To do -
Each line below should be written out again exactly.

Data records
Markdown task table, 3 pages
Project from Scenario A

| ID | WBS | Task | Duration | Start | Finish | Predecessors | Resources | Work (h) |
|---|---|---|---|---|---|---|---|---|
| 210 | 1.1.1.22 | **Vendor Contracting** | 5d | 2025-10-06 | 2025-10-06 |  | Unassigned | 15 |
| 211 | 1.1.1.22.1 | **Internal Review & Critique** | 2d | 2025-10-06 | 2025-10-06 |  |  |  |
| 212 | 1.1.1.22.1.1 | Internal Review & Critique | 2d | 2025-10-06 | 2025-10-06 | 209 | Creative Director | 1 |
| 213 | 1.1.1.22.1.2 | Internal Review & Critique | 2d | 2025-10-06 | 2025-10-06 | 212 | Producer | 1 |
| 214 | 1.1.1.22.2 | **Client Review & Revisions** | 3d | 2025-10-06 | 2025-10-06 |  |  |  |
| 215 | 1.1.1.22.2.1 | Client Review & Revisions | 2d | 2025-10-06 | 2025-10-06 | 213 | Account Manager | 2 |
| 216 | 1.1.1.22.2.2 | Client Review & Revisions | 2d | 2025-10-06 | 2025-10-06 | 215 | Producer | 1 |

Exercise response -
Markdown task table, 3 pages
Project from Scenario A

| ID | WBS | Task | Duration | Start | Finish | Predecessors | Resources | Work (h) |
|---|---|---|---|---|---|---|---|---|
| 210 | 1.1.1.22 | **Vendor Contracting** | 5d | 2025-10-06 | 2025-10-06 |  | Unassigned | 15 |
| 211 | 1.1.1.22.1 | **Internal Review & Critique** | 2d | 2025-10-06 | 2025-10-06 |  |  |  |
| 212 | 1.1.1.22.1.1 | Internal Review & Critique | 2d | 2025-10-06 | 2025-10-06 | 209 | Creative Director | 1 |
| 213 | 1.1.1.22.1.2 | Internal Review & Critique | 2d | 2025-10-06 | 2025-10-06 | 212 | Producer | 1 |
| 214 | 1.1.1.22.2 | **Client Review & Revisions** | 3d | 2025-10-06 | 2025-10-06 |  |  |  |
| 215 | 1.1.1.22.2.1 | Client Review & Revisions | 2d | 2025-10-06 | 2025-10-06 | 213 | Account Manager | 2 |
| 216 | 1.1.1.22.2.2 | Client Review & Revisions | 2d | 2025-10-06 | 2025-10-06 | 215 | Producer | 1 |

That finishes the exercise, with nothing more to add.